● What you need to do: Leave the pictures out. Transcribe exactly every line from the start of the records through the one containing "MATLAB Function : MATLAB".

(Saved entries)
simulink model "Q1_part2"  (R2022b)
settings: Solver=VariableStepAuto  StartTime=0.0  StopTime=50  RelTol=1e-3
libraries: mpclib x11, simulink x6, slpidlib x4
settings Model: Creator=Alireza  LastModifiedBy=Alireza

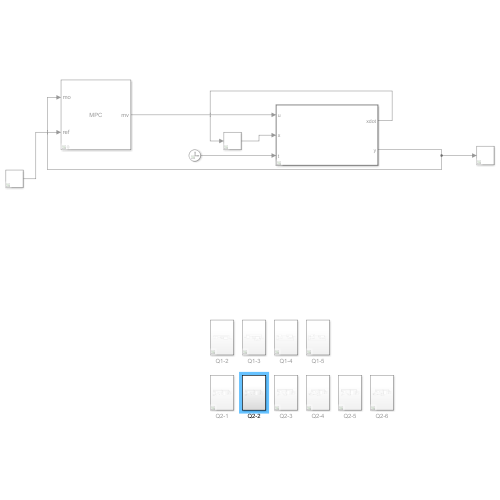
[thumbnail: Simulink's stored preview of the top-level diagram]
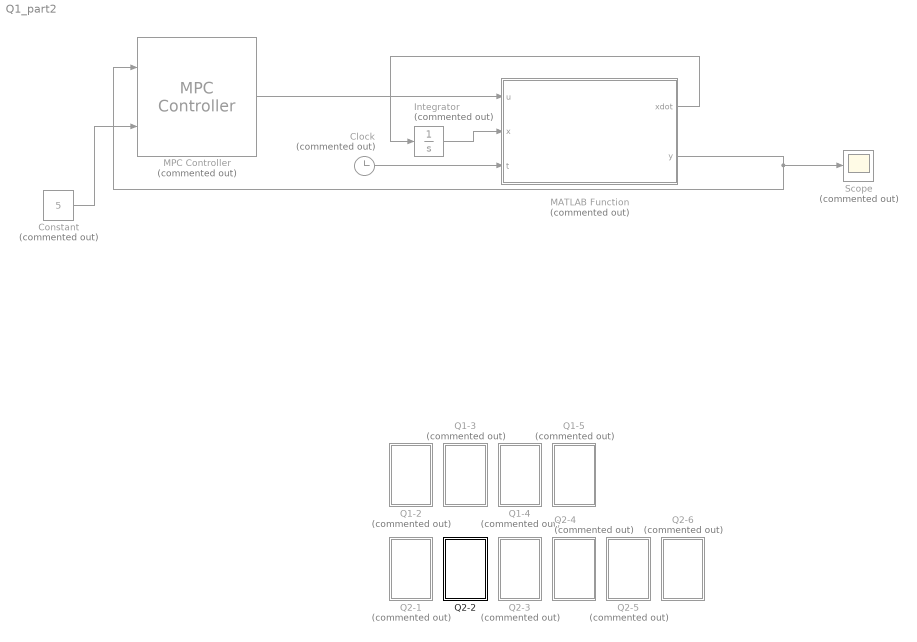
== system Q1_part2 ==
  Clock : Clock  Commented=on
  Constant : Constant  Commented=on  Value=5
  Integrator : Integrator  Commented=on  InitialCondition=[0 0 0 0]
  MATLAB Function : MATLAB Function  Commented=on  TreatAsAtomicUnit=on
  MPC Controller : mpclib/MPC Controller  Commented=on  SCDEnableBlockLinearizationSpecification=on  is_multiple=0  enable_value=0  return_u0=off  updateMPCinCallerWorkspace=on  md_inport=off  mv_inport=off  uref_inport=off  return_cost=off  return_mvseq=off  return_qpstatus=off  return_xseq=off  return_state=off  return_ovseq=off  state_inport=off  umin_inport=off  umax_inport=off  ymin_inport=off  ymax_inport=off  cc_inport=off  ywt_inport=off  uwt_inport=off  duwt_inport=off  rhoeps_inport=off  pm_inport=off  MaximumP=10  HorizonChoice=FixedHorizon  n_ts=0.01  n_p=100  n_mv=1  n_md=1  n_ud=0  n_mo=1  n_uo=0  BlockDataType=double  SampleTimeInherited=off  switch_inport=off
  Q1-2 : Subsystem  Commented=on
  Q1-3 : Subsystem  Commented=on
  Q1-4 : Subsystem  Commented=on
  Q1-5 : Subsystem  Commented=on
  Q2-1 : Subsystem  Commented=on
  Q2-2 : Subsystem
  Q2-3 : Subsystem  Commented=on
  Q2-4 : Subsystem  Commented=on
  Q2-5 : Subsystem  Commented=on
  Q2-6 : Subsystem  Commented=on
  Scope : Scope  Commented=on
  wires:
  Clock/1 -> MATLAB Function/3(t)
  Integrator/1 -> MATLAB Function/2(x)
  MATLAB Function/1(xdot) -> Integrator/1
  MATLAB Function/2(y) -> Scope/1, MPC Controller/1
  Constant/1 -> MPC Controller/2
  MPC Controller/1 -> MATLAB Function/1(u)

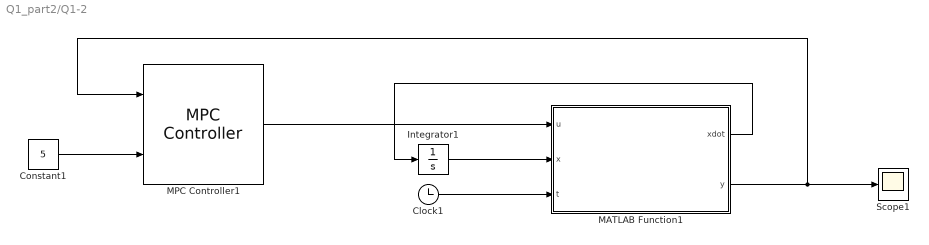
== system Q1_part2/Q1-2 ==
  Clock1 : Clock
  Constant1 : Constant  Value=5
  Integrator1 : Integrator  InitialCondition=[0 0 0 0]
  MATLAB Function1 : MATLAB Function  TreatAsAtomicUnit=on
  MPC Controller1 : mpclib/MPC Controller  SCDEnableBlockLinearizationSpecification=on  mpcobj=mpc1  is_multiple=0  enable_value=0  return_u0=off  updateMPCinCallerWorkspace=on  md_inport=off  mv_inport=off  uref_inport=off  return_cost=off  return_mvseq=off  return_qpstatus=off  return_xseq=off  return_state=off  return_ovseq=off  state_inport=off  umin_inport=off  umax_inport=off  ymin_inport=off  ymax_inport=off  cc_inport=off  ywt_inport=off  uwt_inport=off  duwt_inport=off  rhoeps_inport=off  pm_inport=off  MaximumP=10  HorizonChoice=FixedHorizon  n_ts=0.01  n_p=200  n_mv=1  n_md=0  n_ud=0  n_mo=1  n_uo=0  BlockDataType=double  SampleTimeInherited=off  switch_inport=off
  Scope1 : Scope
  wires:
  Clock1/1 -> MATLAB Function1/3(t)
  MATLAB Function1/2(y) -> MPC Controller1/1, Scope1/1
  Constant1/1 -> MPC Controller1/2
  Integrator1/1 -> MATLAB Function1/2(x)
  MPC Controller1/1 -> MATLAB Function1/1(u)
  MATLAB Function1/1(xdot) -> Integrator1/1

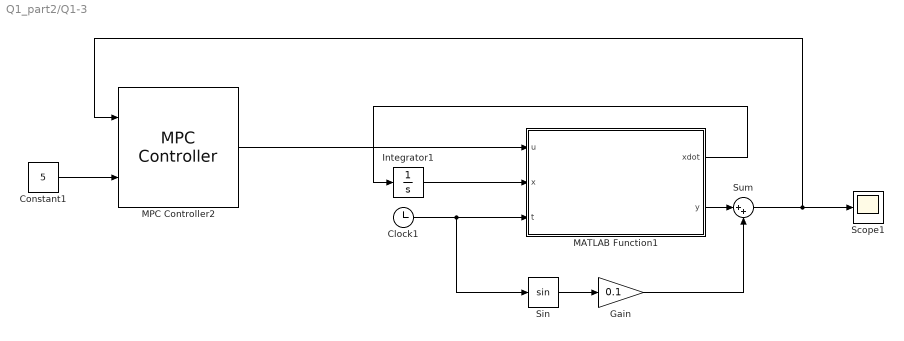
== system Q1_part2/Q1-3 ==
  Clock1 : Clock
  Constant1 : Constant  Value=5
  Gain : Gain  Gain=0.1
  Integrator1 : Integrator  InitialCondition=[0 0 0 0]
  MATLAB Function1 : MATLAB Function  TreatAsAtomicUnit=on
  MPC Controller2 : mpclib/MPC Controller  SCDEnableBlockLinearizationSpecification=on  mpcobj=mpc1  is_multiple=0  enable_value=0  return_u0=off  updateMPCinCallerWorkspace=on  md_inport=off  mv_inport=off  uref_inport=off  return_cost=off  return_mvseq=off  return_qpstatus=off  return_xseq=off  return_state=off  return_ovseq=off  state_inport=off  umin_inport=off  umax_inport=off  ymin_inport=off  ymax_inport=off  cc_inport=off  ywt_inport=off  uwt_inport=off  duwt_inport=off  rhoeps_inport=off  pm_inport=off  MaximumP=10  HorizonChoice=FixedHorizon  n_ts=0.01  n_p=200  n_mv=1  n_md=0  n_ud=0  n_mo=1  n_uo=0  BlockDataType=double  SampleTimeInherited=off  switch_inport=off
  Scope1 : Scope
  Sin : Trigonometry
  Sum : Sum  Inputs=|++
  wires:
  Clock1/1 -> Sin/1, MATLAB Function1/3(t)
  Constant1/1 -> MPC Controller2/2
  Integrator1/1 -> MATLAB Function1/2(x)
  MPC Controller2/1 -> MATLAB Function1/1(u)
  MATLAB Function1/1(xdot) -> Integrator1/1
  Sin/1 -> Gain/1
  Gain/1 -> Sum/2
  MATLAB Function1/2(y) -> Sum/1
  Sum/1 -> MPC Controller2/1, Scope1/1

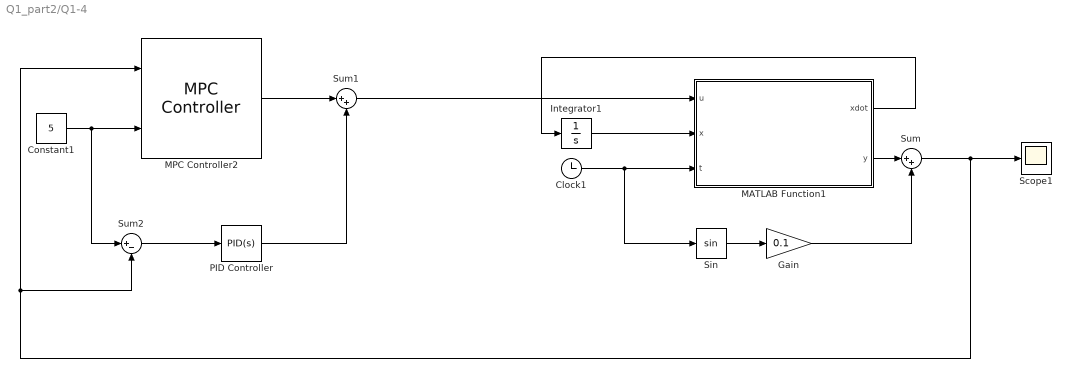
== system Q1_part2/Q1-4 ==
  Clock1 : Clock
  Constant1 : Constant  Value=5
  Gain : Gain  Gain=0.1
  Integrator1 : Integrator  InitialCondition=[0 0 0 0]
  MATLAB Function1 : MATLAB Function  TreatAsAtomicUnit=on
  MPC Controller2 : mpclib/MPC Controller  SCDEnableBlockLinearizationSpecification=on  mpcobj=mpc1  is_multiple=0  enable_value=0  return_u0=off  updateMPCinCallerWorkspace=on  md_inport=off  mv_inport=off  uref_inport=off  return_cost=off  return_mvseq=off  return_qpstatus=off  return_xseq=off  return_state=off  return_ovseq=off  state_inport=off  umin_inport=off  umax_inport=off  ymin_inport=off  ymax_inport=off  cc_inport=off  ywt_inport=off  uwt_inport=off  duwt_inport=off  rhoeps_inport=off  pm_inport=off  MaximumP=10  HorizonChoice=FixedHorizon  n_ts=0.01  n_p=200  n_mv=1  n_md=0  n_ud=0  n_mo=1  n_uo=0  BlockDataType=double  SampleTimeInherited=off  switch_inport=off
  PID Controller : slpidlib/PID Controller  Controller=PID  Form=Parallel  TimeDomain=Continuous-time  UseExternalTs=off  SampleTime=-1  IntegratorMethod=Forward Euler  FilterMethod=Forward Euler  ControllerParametersSource=internal  P=14.0581841806132  I=1.12903294333541  UseKiTs=off  D=19.0426786123122  N=1197.69951514709  UseFilter=on  TunerSelectOption=Transfer Function Based (PID Tuner App)  InitialConditionSource=internal  InitialConditionForIntegrator=0  InitialConditionForFilter=0  DifferentiatorICPrevScaledInput=0  ExternalReset=none  TrackingMode=off  Kt=1  LimitOutput=off  SatLimitsSource=internal  UpperSaturationLimit=inf  LowerSaturationLimit=-inf  LinearizeAsGain=on  AntiWindupMode=none  Kb=1  LimitIntegrator=off  UpperIntegratorSaturationLimit=inf  LowerIntegratorSaturationLimit=-inf  POutMin=[]  POutMax=[]  IOutMin=[]  IOutMax=[]  DOutMin=[]  DOutMax=[]  NOutMin=[]  NOutMax=[]  SumOutMin=[]  SumOutMax=[]  SaturationOutMin=[]  SaturationOutMax=[]  PParamMin=[]  PParamMax=[]  IParamMin=[]  IParamMax=[]  DParamMin=[]  DParamMax=[]  NParamMin=[]  NParamMax=[]  KbParamMin=[]  KbParamMax=[]  KtParamMin=[]  KtParamMax=[]  KbOutMin=[]  KbOutMax=[]  KtOutMin=[]  KtOutMax=[]  IntegratorOutMin=[]  IntegratorOutMax=[]  FilterOutMin=[]  FilterOutMax=[]  SumI1OutMin=[]  SumI1OutMax=[]  SumI2OutMin=[]  SumI2OutMax=[]  SumI3OutMin=[]  SumI3OutMax=[]  SumI4OutMin=[]  SumI4OutMax=[]  SumDOutMin=[]  SumDOutMax=[]  DifferentiatorOutMin=[]  DifferentiatorOutMax=[]  FilterDiffOutCoefMin=[]  FilterDiffOutCoefMax=[]  ReciprocalOutMin=[]  ReciprocalOutMax=[]  SumDenOutMin=[]  SumDenOutMax=[]  SumNumOutMin=[]  SumNumOutMax=[]  DivideOutMin=[]  DivideOutMax=[]  UdiffTsProdOutMin=[]  UdiffTsProdOutMax=[]  NTsProdOutMin=[]  NTsProdOutMax=[]  UintegralTsProdOutMin=[]  UintegralTsProdOutMax=[]  UngainTsProdOutMin=[]  UngainTsProdOutMax=[]  ClampingZeroOutDataTypeStr=Inherit: Inherit via back propagation  ClampingZeroOutMin=[]  ClampingZeroOutMax=[]  FilterDenConstantOutDataTypeStr=Inherit: Inherit via back propagation  FilterDenConstantOutMin=[]  FilterDenConstantOutMax=[]  PCopyOutDataTypeStr=Inherit: Inherit via back propagation  PCopyOutMin=[]  PCopyOutMax=[]  NCopyOutDataTypeStr=Inherit: Inherit via back propagation  NCopyOutMin=[]  NCopyOutMax=[]  IntegratorContinuousStateAttributes=''  IntegratorStateMustResolveToSignalObject=off  IntegratorRTWStateStorageClass=Auto  FilterContinuousStateAttributes=''  FilterStateMustResolveToSignalObject=off  FilterRTWStateStorageClass=Auto  ParallelPVariant=InternalParameters  IdealPVariant=Disabled  IVariant=InternalParameters  DVariant=InternalParameters  IntegratorVariant=Continuous  SatVariant=Disabled  AWVariant=Passthrough  PCopyVariant=Disabled  TRVariant=Disabled  FdbkBlocksVariant=Forward  IdealPFdbkVariant=Disabled  SatFdbkVariant=Disabled  DerivativeFilterVariant=ContFilter  NVariant=InternalParameters  NCopyVariant=Disabled  FilterICVariant=InternalICsFilter  IntegratorICVariant=InternalICs  ExternalResetVariant=Disabled  TRSumVariant=Passthrough  SumFdbkVariant=Disabled  SumVariant=Sum_PID  TsampFilterVariant=InternalTs  TsampNgainVariant=Passthrough  TsampIntegralVariant=Passthrough  ExternalSaturationOutDataTypeStr=Inherit: Same as second input
  Scope1 : Scope
  Sin : Trigonometry
  Sum : Sum  Inputs=|++
  Sum1 : Sum  Inputs=|++
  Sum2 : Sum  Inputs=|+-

● Answer to this task:
simulink model "Q1_part2"  (R2022b)
settings: Solver=VariableStepAuto  StartTime=0.0  StopTime=50  RelTol=1e-3
libraries: mpclib x11, simulink x6, slpidlib x4
settings Model: Creator=Alireza  LastModifiedBy=Alireza

[thumbnail: Simulink's stored preview of the top-level diagram]
== system Q1_part2 ==
  Clock : Clock  Commented=on
  Constant : Constant  Commented=on  Value=5
  Integrator : Integrator  Commented=on  InitialCondition=[0 0 0 0]
  MATLAB Function : MATLAB Function  Commented=on  TreatAsAtomicUnit=on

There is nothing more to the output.